The discussion below came from an article in our newsletter about brain fog due to hepatic encephalopathy, or HE, which is a challenge for anyone with cirrhosis.  An issue for a patient or a caregiver is that it can come and go and patients can find themselves away from home and in trouble as the ammonia disrupts your cognitive functions.  You can seem demented or on drugs to others.  That can be a life threatening situation so we advise patients with advancing liver disease to get a bracelet or some kind of wearable sign that can inform others what the problem may be.  There are a number of alternatives, but the one we like is MyID.  Here is a link to their site.

https://shop.getmyid.com/pages/learn-about-myid

The reason we like it is because it provides more than just a message.  It also provides a way for the police, EMT's or docs to get your medical information online.  You can store your medical data for free and make it accessible for your care team.  This is a big benefit to just having a warning label.

The rest of this is from our newsletter as a little background about the problem.

Do you, or someone you care about, feel like you are losing your mental ability?  Can't think as well as you used to?

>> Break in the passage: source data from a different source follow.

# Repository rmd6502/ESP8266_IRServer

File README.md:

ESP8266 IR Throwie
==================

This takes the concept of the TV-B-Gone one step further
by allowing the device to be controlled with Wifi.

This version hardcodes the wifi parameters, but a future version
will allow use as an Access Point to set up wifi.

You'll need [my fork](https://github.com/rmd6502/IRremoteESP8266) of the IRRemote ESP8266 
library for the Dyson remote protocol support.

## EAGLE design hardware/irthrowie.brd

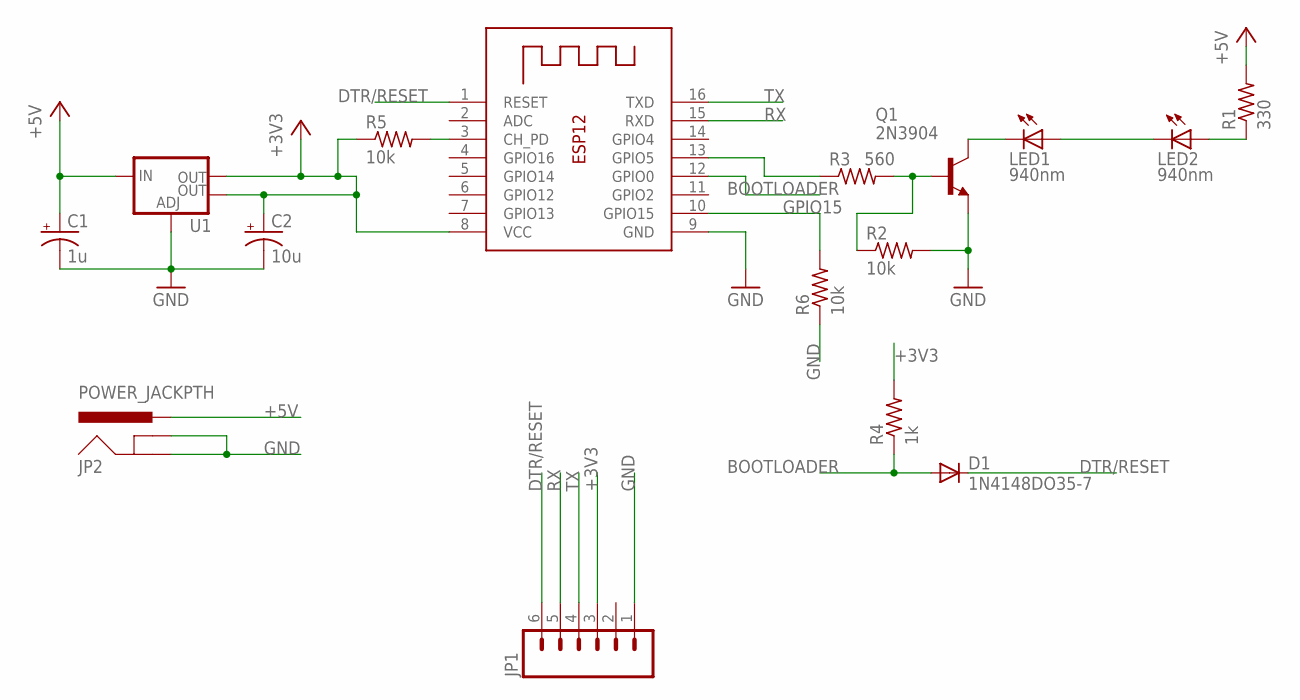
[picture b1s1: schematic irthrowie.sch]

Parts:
C1: 1u; PANASONIC_B
C2: 10u; PANASONIC_B
D1: 1N4148DO35-7; DO35-7
JP1: M06LOCK; 1X06_LOCK
JP2: POWER_JACKPTH; POWER_JACK_PTH
LED1, LED2: 940nm; LED5MM
Q1: 2N3904; TO92
R1: 330; 0204/7
R2, R5, R6: 10k; 0204/7
R3: 560; 0204/7
R4: 1k; 0204/7
U1: V_REG_LM1117SOT223; SOT223
X1: ESP-12

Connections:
+3V3: C2.+, JP1.3, R4.2, R5.1, U1.2 (OUT), U1.4 (OUT), X1.8 (VCC)
+5V: C1.+, JP2.PWR, R1.2, U1.3 (IN)
BOOTLOADER: D1.A, R4.1, X1.12 (GPIO0)
DTR/RESET: D1.C, JP1.6, X1.1 (RESET)
GND: C1.-, C2.-, JP1.1, JP2.GND, JP2.GNDBREAK, Q1.3 (E), R2.2, R6.1, U1.1 (ADJ), X1.9 (GND)
GPIO15: R6.2, X1.10 (GPIO15)
unnamed: LED1.A, LED2.K (C)
unnamed: Q1.2 (B), R2.1, R3.2
unnamed: LED1.K (C), Q1.1 (C)
unnamed: LED2.A, R1.1
unnamed: R5.2, X1.3 (CH_PD)
unnamed: R3.1, X1.13 (GPIO5)
RX: JP1.5, X1.15 (RXD)
TX: JP1.4, X1.16 (TXD)

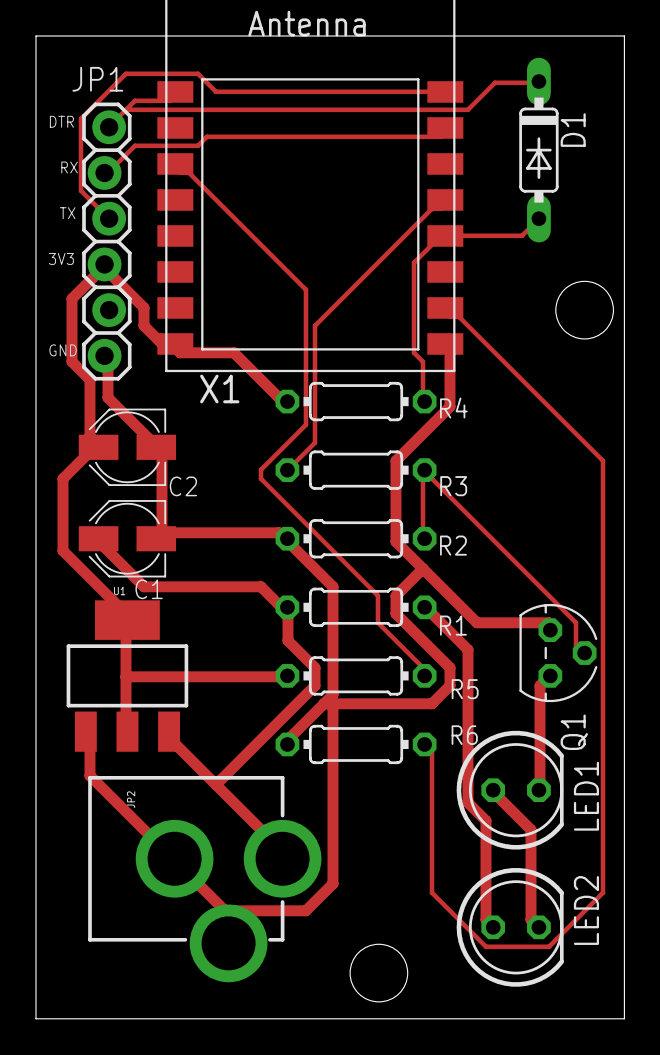
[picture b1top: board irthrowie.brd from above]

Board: 2 copper layers, 32.7 x 54.6 mm, 16 parts (0 on the bottom side), 14 nets.

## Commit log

2016-02-01 first rev
2016-02-01 add readme
2016-02-01 add case design
2016-02-02 add schematic
2016-02-02 add png image

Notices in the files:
parts and their libraries:
SparkFun-Connectors: Licensing: Creative Commons ShareAlike 4.0 International - https://creativecommons.org/licenses/by-sa/4.0

Is it Alzheimer's, old age, something worse?  These problems are well known, but we usually ignore the fact that liver disease can also steal your mind.  Hepatic Encephalopathy, often called HE for short, is a disruption of brain function that is a serious complication of liver disease. If the liver is not removing ammonia from the blood because it has been damaged, The result is a buildup of toxins in the bloodstream that disrupt normal functions and can lead to confusion, coma and death.

Something we never talk about are the sub clinical effects of liver damage.  Millions of people have liver disease without symptoms.  I recently had a discussion with a woman who was apparently doing OK but one day was found wandering in the street talking crazily to herself.  Clearly a mentally ill person.  The police picked her up and took her to the station while they tried to figure out who she was.  We have all seen these poor souls in our communities with obvious problems.  In her case, she went into a coma and nearly died when the police left her in a room while they tried to find out who she was. She spent 3 days in ICU before getting her ammonia levels down.  That caused me to wonder about people with just a little ammonia.

A question we should be asking is how many are suffering from liver disease rather than the mental illness we assume when we see odd behavior, but those are the critical cases.  More broadly, what about people who have just a little rogue ammonia? How many of us dismiss failures of memory or confusion to just an aging brain when it is really a bit of toxic poisoning?  I wonder.  The problem is that we don't know.  We do not screen for early stage liver disease and we have very little awareness of how it really affects the asymptomatic victim.  We easily suggest dementia, Alzheimer's or just normal aging but almost never consider a liver disease.

If you aren't familiar with HE, hepatic encephalopathy, here is a link to some information which also will give you a link to a very well done documentary featuring real patients.  If you are merely obese or have some other disease like diabetes, you might want to consider whether some of your troubles could be from a damaged liver that hasn't yet given you problems serious enough to get a diagnosis.